No problemo, Leaders are tapered which means they are thicker at the base, and thin at the tip. This helps the leader "turn over" when casting the fly. When you change flies or break 'em off you will be shortening your leader each time you tie another one on. After a while your leader will be getting shorter and shorter, which also means thicker and thicker because of the taper. (too fat and short and fish can see it). Instead of changing the whole leader for a new one when this happens, you can just tie on some additional mono leader material or Tippet to the leader thus extending it, using a surgeons or blood knot. Tippet comes in spools based on diameter and line test and is not tapered. Hope this makes sense.


----------



## Kiteboat (Nov 13, 2011)

Sinking line or tip helps get the fly down quicker also.


----------



## That Robbie Guy (Aug 11, 2009)

The water ... just so beautiful.



flyfishingmike said:


> All of these were caught on a 5wt, 9ft with small white crappie jigs.


----------



## SwineAssassiN (Jul 24, 2011)

PL said:


> No problemo, Leaders are tapered which means they are thicker at the base, and thin at the tip. This helps the leader "turn over" when casting the fly. When you change flies or break 'em off you will be shortening your leader each time you tie another one on. After a while your leader will be getting shorter and shorter, which also means thicker and thicker because of the taper. (too fat and short and fish can see it). Instead of changing the whole leader for a new one when this happens, you can just tie on some additional mono leader material or Tippet to the leader thus extending it, using a surgeons or blood knot. Tippet comes in spools based on diameter and line test and is not tapered. Hope this makes sense.
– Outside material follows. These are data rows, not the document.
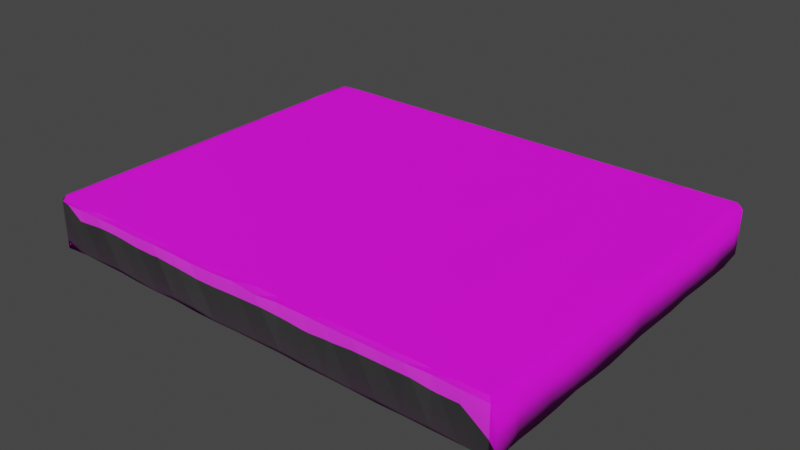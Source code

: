 # Source: Level1.blend  (saved by Blender 4.4.30; exported with 4.5.12 LTS)
import bpy
from mathutils import Matrix  # noqa: F401  (used for matrix-valued properties, if any)

bpy.ops.wm.read_factory_settings(use_empty=True)
scene = bpy.context.scene
scene.name = 'Scene'

# ---- images (referenced by path relative to the original .blend; pixels are not part of the script)
import os
ASSET_DIR = os.environ.get("B2B_ASSET_DIR", "")  # directory of the original .blend (textures are referenced by path, not embedded)
HERE = os.path.dirname(os.path.abspath(__file__))  # packed textures are extracted next to this script under _unpacked/

def load_image(name, relpath, width, height, colorspace="sRGB"):
    """Load a texture the original file referenced (path relative to the .blend, or extracted next to this script)."""
    p = next((c for c in (os.path.join(HERE, relpath), os.path.join(ASSET_DIR, relpath)) if relpath and os.path.exists(c)), "")
    if p:
        img = bpy.data.images.load(p, check_existing=True)
        img.name = name
    else:  # same state as the original file: an image datablock whose file is absent (Cycles renders it pink)
        img = bpy.data.images.new(name, width, height)
        img.source = "FILE"
        img.filepath = "//" + (relpath or name)
    img.colorspace_settings.name = colorspace
    return img
img_sand1_png_001 = load_image('Sand1.png.001', 'Materials/Sand1.png', 1024, 1024, 'sRGB')
img_sand1_n_png_001 = load_image('Sand1_N.png.001', 'Materials/Sand1_N.png', 1024, 1024, 'sRGB')

# ---- materials (node trees are filled in below, after node groups)
mat_material = bpy.data.materials.new('Material')

# ---- material node trees
mat_material.use_nodes = True; mat_material.node_tree.nodes.clear()
_N = mat_material.node_tree.nodes; _L = mat_material.node_tree.links
n0 = _N.new('ShaderNodeBsdfPrincipled'); n0.name = 'Principled BSDF'; n0.location = (20, 319)
n1 = _N.new('ShaderNodeOutputMaterial'); n1.name = 'Material Output'; n1.location = (310, 319)
n2 = _N.new('ShaderNodeTexImage'); n2.name = 'Image Texture'; n2.location = (-383, 451)
n2.image = img_sand1_png_001
n3 = _N.new('ShaderNodeTexImage'); n3.name = 'Image Texture.001'; n3.location = (-366, 144)
n3.image = img_sand1_n_png_001
_L.new(n0.outputs[0], n1.inputs[0])
_L.new(n2.outputs[0], n0.inputs[0])
_L.new(n3.outputs[0], n0.inputs[5])
n1.is_active_output = True

# ---- world
world_world = bpy.data.worlds.new('World'); scene.world = world_world
world_world.use_nodes = True; world_world.node_tree.nodes.clear()
_N = world_world.node_tree.nodes; _L = world_world.node_tree.links
n0 = _N.new('ShaderNodeOutputWorld'); n0.name = 'World Output'; n0.location = (300, 300)
n1 = _N.new('ShaderNodeBackground'); n1.name = 'Background'; n1.location = (10, 300)
n1.inputs[0].default_value = (0.05088, 0.05088, 0.05088, 1.0)
_L.new(n1.outputs[0], n0.inputs[0])
n0.is_active_output = True
world_world.color = (0.05088, 0.05088, 0.05088)
world_world.use_sun_shadow = False
world_world.sun_shadow_jitter_overblur = 0.0

# ---- meshes
me_level1mesh = bpy.data.meshes.new('Level1Mesh')
me_level1mesh.from_pydata([(-9.324, 7.501, 0.0006732), (-9.501, 7.325, 0.0006732), (9.323, -7.499, 0.0006732), (9.499, -7.322, 0.0006732), (-9.583, 7.417, -1.991), (-9.403, 7.548, -1.986), (-9.389, -7.611, -2.017), (-9.611, -7.381, -2.007), (9.386, 7.61, -2.034), (9.563, 7.4, -1.946), (9.569, -7.405, -2.059), (9.407, -7.583, -1.998), (-9.581, -7.419, -0.1239), (-9.413, -7.58, -0.1834), (-9.501, -7.322, 0.0006732), (-9.324, -7.499, 0.0006732), (-9.401, 7.545, -0.1879), (-9.586, 7.412, -0.1868), (9.499, 7.325, 0.0006732), (9.323, 7.501, 0.0006732), (9.587, 7.414, -0.1779), (9.417, 7.584, -0.1752), (9.404, -7.569, -0.1964), (9.591, -7.434, -0.2366), (-9.318, -7.318, 0.009211), (-9.314, 7.283, 0.01413), (9.346, 7.301, -0.01749), (9.3, -7.292, -0.007367), (9.499, -6.345, 0.0006732), (9.499, -5.369, 0.0006732), (9.499, -4.393, 0.0006732), (9.499, -3.416, 0.0006732), (9.499, -2.44, 0.0006732), (9.499, -1.463, 0.0006732), (9.499, -0.4868, 0.0006732), (9.499, 0.4896, 0.0006732), (9.499, 1.466, 0.0006732), (9.499, 2.442, 0.0006732), (9.499, 3.419, 0.0006732), (9.499, 4.395, 0.0006732), (9.499, 5.372, 0.0006732), (9.499, 6.348, 0.0006732), (-9.501, 6.348, 0.0006732), (-9.501, 5.372, 0.0006732), (-9.501, 4.395, 0.0006732), (-9.501, 3.419, 0.0006732), (-9.501, 2.442, 0.0006732), (-9.501, 1.466, 0.0006732), (-9.501, 0.4896, 0.0006732), (-9.501, -0.4868, 0.0006732), (-9.501, -1.463, 0.0006732), (-9.501, -2.44, 0.0006732), (-9.501, -3.416, 0.0006732), (-9.501, -4.393, 0.0006732), (-9.501, -5.369, 0.0006732), (-9.501, -6.345, 0.0006732), (-9.587, 6.396, -0.2158), (-9.571, 5.428, -0.1638), (-9.61, 4.457, -0.1573), (-9.609, 3.438, -0.1668), (-9.574, 2.489, -0.1638), (-9.621, 1.495, -0.2444), (-9.593, 0.5009, -0.1467), (-9.577, -0.496, -0.2079), (-9.557, -1.517, -0.1611), (-9.591, -2.473, -0.1638), (-9.588, -3.458, -0.1703), (-9.617, -4.459, -0.1282), (-9.594, -5.436, -0.15), (-9.57, -6.432, -0.187), (9.588, -6.423, -0.1746), (9.57, -5.457, -0.1849), (9.606, -4.439, -0.2405), (9.613, -3.433, -0.1446), (9.585, -2.476, -0.2019), (9.593, -1.466, -0.1594), (9.591, -0.4976, -0.1866), (9.563, 0.4911, -0.1963), (9.586, 1.466, -0.2009), (9.588, 2.472, -0.1761), (9.616, 3.489, -0.1268), (9.588, 4.448, -0.1761), (9.603, 5.417, -0.2458), (9.619, 6.448, -0.1637), (-9.559, 6.405, -1.958), (-9.573, 5.433, -1.96), (-9.613, 4.462, -2.002), (-9.607, 3.449, -1.95), (-9.589, 2.472, -1.977), (-9.557, 1.481, -1.971), (-9.572, 0.4699, -1.979), (-9.595, -0.4826, -1.935), (-9.57, -1.503, -2.054), (-9.559, -2.473, -2.009), (-9.588, -3.414, -2.006), (-9.592, -4.476, -1.941), (-9.588, -5.44, -2.0), (-9.612, -6.413, -1.992), (9.586, -6.421, -2.001), (9.58, -5.448, -2.047), (9.587, -4.47, -2.03), (9.617, -3.443, -1.93), (9.614, -2.469, -2.012), (9.604, -1.479, -2.063), (9.621, -0.5081, -1.98), (9.567, 0.5123, -2.009), (9.59, 1.493, -2.007), (9.604, 2.497, -2.015), (9.595, 3.477, -1.971), (9.61, 4.476, -2.003), (9.607, 5.456, -2.032), (9.589, 6.398, -2.068), (-9.349, 6.368, -0.03446), (-9.349, 5.359, 0.05428), (-9.343, 4.401, -0.059), (-9.328, 3.422, 0.001668), (-9.316, 2.434, 0.05288), (-9.324, 1.473, -0.006654), (-9.313, 0.4452, -0.01117), (-9.32, -0.4881, -0.00999), (-9.324, -1.463, -0.001096), (-9.318, -2.445, 0.001581), (-9.331, -3.399, -0.01966), (-9.321, -4.416, -0.0598), (-9.322, -5.398, -0.03901), (-9.306, -6.354, 0.01293), (9.301, 6.357, 0.01951), (9.302, 5.35, 0.009987), (9.337, 4.412, 0.01293), (9.291, 3.43, -0.06766), (9.318, 2.448, 0.03005), (9.334, 1.463, -0.03108), (9.355, 0.4533, 0.01563), (9.32, -0.4903, 0.01294), (9.324, -1.464, 0.006485), (9.295, -2.453, 0.04862), (9.318, -3.419, 0.02682), (9.341, -4.402, -0.01021), (9.322, -5.37, 0.002216), (9.304, -6.368, -0.008086), (-8.342, 7.501, 0.0006732), (-7.361, 7.501, 0.0006732), (-6.38, 7.501, 0.0006732), (-5.398, 7.501, 0.0006732), (-4.417, 7.501, 0.0006732), (-3.435, 7.501, 0.0006732), (-2.454, 7.501, 0.0006732), (-1.473, 7.501, 0.0006732), (-0.4912, 7.501, 0.0006732), (0.4902, 7.501, 0.0006732), (1.472, 7.501, 0.0006732), (2.453, 7.501, 0.0006732), (3.434, 7.501, 0.0006732), (4.416, 7.501, 0.0006732), (5.397, 7.501, 0.0006732), (6.379, 7.501, 0.0006732), (7.36, 7.501, 0.0006732), (8.341, 7.501, 0.0006732), (8.437, 7.599, -0.1718), (7.434, 7.572, -0.1667), (6.424, 7.585, -0.1488), (5.446, 7.626, -0.1777), (4.433, 7.591, -0.1771), (3.452, 7.607, -0.1049), (2.456, 7.573, -0.1647), (1.49, 7.609, -0.1579), (0.5028, 7.555, -0.2058), (-0.4934, 7.589, -0.1689), (-1.444, 7.609, -0.1532), (-2.472, 7.592, -0.1731), (-3.486, 7.575, -0.2057), (-4.5, 7.569, -0.1627), (-5.448, 7.605, -0.2113), (-6.408, 7.552, -0.1647), (-7.425, 7.578, -0.1629), (-8.403, 7.605, -0.167), (-8.342, -7.499, 0.0006732), (-7.361, -7.499, 0.0006732), (-6.38, -7.499, 0.0006732), (-5.398, -7.499, 0.0006732), (-4.417, -7.499, 0.0006732), (-3.435, -7.499, 0.0006732), (-2.454, -7.499, 0.0006732), (-1.473, -7.499, 0.0006732), (-0.4912, -7.499, 0.0006732), (0.4902, -7.499, 0.0006732), (1.472, -7.499, 0.0006732), (2.453, -7.499, 0.0006732), (3.434, -7.499, 0.0006732), (4.416, -7.499, 0.0006732), (5.397, -7.499, 0.0006732), (6.379, -7.499, 0.0006732), (7.36, -7.499, 0.0006732), (8.341, -7.499, 0.0006732), (-8.427, -7.591, -0.1698), (-7.42, -7.545, -0.1883), (-6.438, -7.579, -0.1693), (-5.46, -7.586, -0.1907), (-4.458, -7.574, -0.179), (-3.468, -7.601, -0.1672), (-2.475, -7.621, -0.1865), (-1.499, -7.602, -0.1861), (-0.5049, -7.6, -0.1335), (0.4991, -7.579, -0.2673), (1.473, -7.611, -0.1419), (2.502, -7.607, -0.1367), (3.458, -7.593, -0.1702), (4.485, -7.574, -0.1929), (5.436, -7.586, -0.1831), (6.441, -7.564, -0.1973), (7.42, -7.605, -0.1234), (8.419, -7.588, -0.1732), (8.417, 7.59, -2.017), (7.414, 7.576, -2.037), (6.468, 7.582, -2.024), (5.482, 7.605, -1.978), (4.452, 7.59, -1.993), (3.452, 7.572, -2.054), (2.48, 7.572, -1.983), (1.491, 7.559, -2.032), (0.5001, 7.593, -2.005), (-0.5021, 7.584, -2.012), (-1.514, 7.577, -1.993), (-2.475, 7.588, -2.01), (-3.471, 7.597, -1.997), (-4.465, 7.578, -2.019), (-5.449, 7.589, -2.003), (-6.443, 7.591, -1.997), (-7.41, 7.59, -1.921), (-8.413, 7.589, -1.969), (-8.416, -7.586, -1.965), (-7.442, -7.582, -1.976), (-6.412, -7.566, -1.989), (-5.452, -7.594, -2.009), (-4.419, -7.616, -1.997), (-3.487, -7.574, -2.002), (-2.463, -7.568, -2.058), (-1.517, -7.593, -2.033), (-0.4979, -7.586, -2.004), (0.4988, -7.587, -1.997), (1.492, -7.577, -1.995), (2.48, -7.581, -2.022), (3.464, -7.586, -2.006), (4.424, -7.6, -2.003), (5.445, -7.574, -2.041), (6.451, -7.58, -2.009), (7.433, -7.584, -2.005), (8.423, -7.593, -1.988), (8.359, -7.316, -0.0637), (7.385, -7.297, 0.03219), (6.375, -7.329, -0.02515), (5.403, -7.307, 0.01742), (4.419, -7.327, -0.009784), (3.409, -7.326, -0.01948), (2.451, -7.339, -0.02413), (1.471, -7.322, 0.0006968), (0.518, -7.293, 0.04995), (-0.4908, -7.322, 0.0006732), (-1.457, -7.341, -0.06903), (-2.422, -7.299, 0.01306), (-3.405, -7.341, 0.04162), (-4.401, -7.326, 0.04006), (-5.423, -7.308, -0.002285), (-6.398, -7.333, 0.05013), (-7.361, -7.321, 0.0229), (-8.311, -7.325, 0.02871), (8.359, 7.299, 0.02076), (7.354, 7.335, 0.06478), (6.398, 7.302, -0.05383), (5.427, 7.321, -0.008976), (4.417, 7.368, -0.005576), (3.432, 7.294, 0.05866), (2.454, 7.318, 5.99e-05), (1.448, 7.333, 0.007522), (0.4887, 7.325, -0.0005116), (-0.4987, 7.31, -0.04732), (-1.473, 7.3, -0.03038), (-2.425, 7.339, 0.07049), (-3.409, 7.325, -0.01198), (-4.401, 7.327, -0.0633), (-5.365, 7.309, 0.02024), (-6.401, 7.341, -0.008748), (-7.359, 7.333, -0.006911), (-8.327, 7.35, -0.01498), (8.349, -6.329, 0.02856), (7.382, -6.317, -0.002674), (6.398, -6.326, -0.03195), (5.398, -6.372, -0.06845), (4.432, -6.336, 0.004992), (3.439, -6.363, 0.01012), (2.438, -6.351, 0.028), (1.469, -6.309, -0.0009559), (0.4653, -6.344, -0.0003657), (-0.5062, -6.328, 0.07185), (-1.493, -6.362, 0.01208), (-2.45, -6.326, 0.0189), (-3.427, -6.38, -0.02898), (-4.414, -6.346, 0.007831), (-5.355, -6.326, 0.02361), (-6.375, -6.343, 0.003627), (-7.379, -6.361, -0.02896), (-8.384, -6.366, 0.01408), (8.343, -5.354, -0.03454), (7.392, -5.406, 0.0121), (6.384, -5.38, 0.01388), (5.415, -5.353, 0.009768), (4.41, -5.373, 0.006976), (3.445, -5.327, -0.01149), (2.455, -5.361, 0.007504), (1.461, -5.368, -0.01397), (0.4913, -5.356, -0.002216), (-0.4912, -5.383, 0.009614), (-1.471, -5.403, -0.009731), (-2.466, -5.384, -0.009367), (-3.444, -5.382, 0.04329), (-4.412, -5.361, -0.09056), (-5.41, -5.393, 0.03491), (-6.353, -5.389, 0.04004), (-7.37, -5.375, 0.006624), (-8.315, -5.356, -0.0161), (8.329, -4.391, -0.006341), (7.362, -4.37, -0.02049), (6.369, -4.41, 0.05337), (5.396, -4.393, 0.003589), (4.413, -4.392, -0.01674), (3.418, -4.406, -0.03673), (2.481, -4.4, -0.02419), (1.505, -4.377, 0.02151), (0.4846, -4.392, 0.007392), (-0.5057, -4.41, -0.05432), (-1.469, -4.41, 0.01711), (-2.448, -4.423, -0.03197), (-3.43, -4.39, -0.005312), (-4.423, -4.398, -0.01229), (-5.426, -4.405, 0.006656), (-6.377, -4.395, -0.01006), (-7.364, -4.386, 0.00269), (-8.348, -4.405, -0.01904), (8.342, -3.417, -0.002964), (7.357, -3.415, 0.003359), (6.4, -3.416, 0.07875), (5.406, -3.417, 0.03143), (4.421, -3.415, 0.03488), (3.423, -3.411, 0.02429), (2.481, -3.395, 0.01061), (1.468, -3.423, -0.008724), (0.5302, -3.445, 0.003354), (-0.5107, -3.403, -0.001721), (-1.458, -3.397, -0.05773), (-2.484, -3.422, -0.03286), (-3.437, -3.415, -0.003984), (-4.413, -3.416, 0.002999), (-5.392, -3.406, 0.004515), (-6.375, -3.41, -0.02173), (-7.364, -3.415, -0.005552), (-8.376, -3.429, -0.002592), (8.338, -2.427, -0.04093), (7.372, -2.433, -0.009271), (6.382, -2.437, -0.005227), (5.4, -2.445, 0.01229), (4.37, -2.431, 0.007283), (3.438, -2.474, 0.001855), (2.43, -2.483, -0.00647), (1.472, -2.471, 0.06368), (0.4963, -2.459, -0.05849), (-0.5034, -2.426, -0.002537), (-1.437, -2.426, 0.01575), (-2.457, -2.445, 0.002146), (-3.434, -2.442, 0.0009587), (-4.416, -2.44, -0.015), (-5.39, -2.441, -0.01291), (-6.411, -2.459, 0.03507), (-7.358, -2.411, 0.03796), (-8.338, -2.449, -0.004887), (8.347, -1.458, 0.004327), (7.358, -1.463, -0.04279), (6.399, -1.459, 0.01802), (5.393, -1.443, 0.000983), (4.383, -1.428, -0.0264), (3.415, -1.48, -0.07888), (2.49, -1.47, -0.02216), (1.474, -1.472, -0.001894), (0.4904, -1.457, 0.001467), (-0.4808, -1.44, 0.03486), (-1.477, -1.452, 0.04329), (-2.462, -1.455, -0.028), (-3.408, -1.465, 0.07099), (-4.413, -1.465, -0.006832), (-5.4, -1.437, 0.0596), (-6.383, -1.458, 0.001651), (-7.379, -1.46, -0.009348), (-8.361, -1.463, 0.06358), (8.338, -0.4776, 0.04387), (7.347, -0.4753, 0.02952), (6.36, -0.5161, -0.02142), (5.411, -0.5251, 0.02913), (4.373, -0.4806, -0.03235), (3.461, -0.4961, -0.007803), (2.451, -0.4827, -0.0006506), (1.439, -0.4941, -0.01977), (0.4947, -0.489, 0.00607), (-0.4881, -0.4863, 0.01309), (-1.46, -0.4771, -0.02343), (-2.456, -0.4862, -5.186e-06), (-3.424, -0.5145, -0.03237), (-4.422, -0.4871, 0.0036), (-5.41, -0.5002, -0.03377), (-6.376, -0.4897, -0.00548), (-7.352, -0.4972, -0.09411), (-8.346, -0.4885, -0.008182), (8.337, 0.4884, 0.01019), (7.341, 0.4983, -0.01549), (6.372, 0.4522, 0.06022), (5.413, 0.5038, 0.0736), (4.399, 0.5052, -0.009393), (3.428, 0.4836, -0.01785), (2.422, 0.4862, -0.0007042), (1.44, 0.5054, -0.03396), (0.4939, 0.487, -0.005055), (-0.4867, 0.4675, 0.03706), (-1.442, 0.4764, -0.02154), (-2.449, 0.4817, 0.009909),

oh ok, yes i understand. and thank you for the info.


----------



## flyfishingmike (Nov 26, 2010)

I start fishing the Guadalupe, above Canyon Lake, on Valentine's Day through March. We need rain to get the river up to shape for this year.


----------



## willyjoe1 (Dec 2, 2005)

I am the only one fly fishing at JJ park, some spot in the spring creek more than 8' deep. I use a 9' leader and a 2' tippet, #6 white or chartreuse Clouser minnow with a lot of krystal flash, which is my top choice.


----------



## Coconut Groves (Nov 2, 2011)

It does depend on what the whites are doing, but I typically throw full sink tip line on the lakes (20' sink tip) on a 6 wt. For creeks and rivers, I'll add a full sinking leader (9' sink tip) on a 4 wt.

Deceivers, clousers and flash minnows work well. Olive and white clouser is the best overall fly if they are deeper, though if they are feeding they will hit anything.


----------



## Fishing Fedora (Jan 16, 2012)

Mike, don't you mean the river needs to come down now?

Last I looked, the gauge was at 6000 cfs at spring branch.


----------



## Fishing Fedora (Jan 16, 2012)

Here are a few flies I've tied up for whites this year...


----------



## Boboe (Feb 11, 2009)

I've caught plenty on pink and white clousers, and white crystal buggers too. Most of the flies I use are pretty small, but they'll eat a pretty big fly for their size. They're not afraid to eat.


----------



## BulletBob (Apr 18, 2005)

For the flies, I'd recommend cutting the tails short, hookup percentage will go up. Also recommend getting your fly down on the bottom as much as possible for river fishing.


----------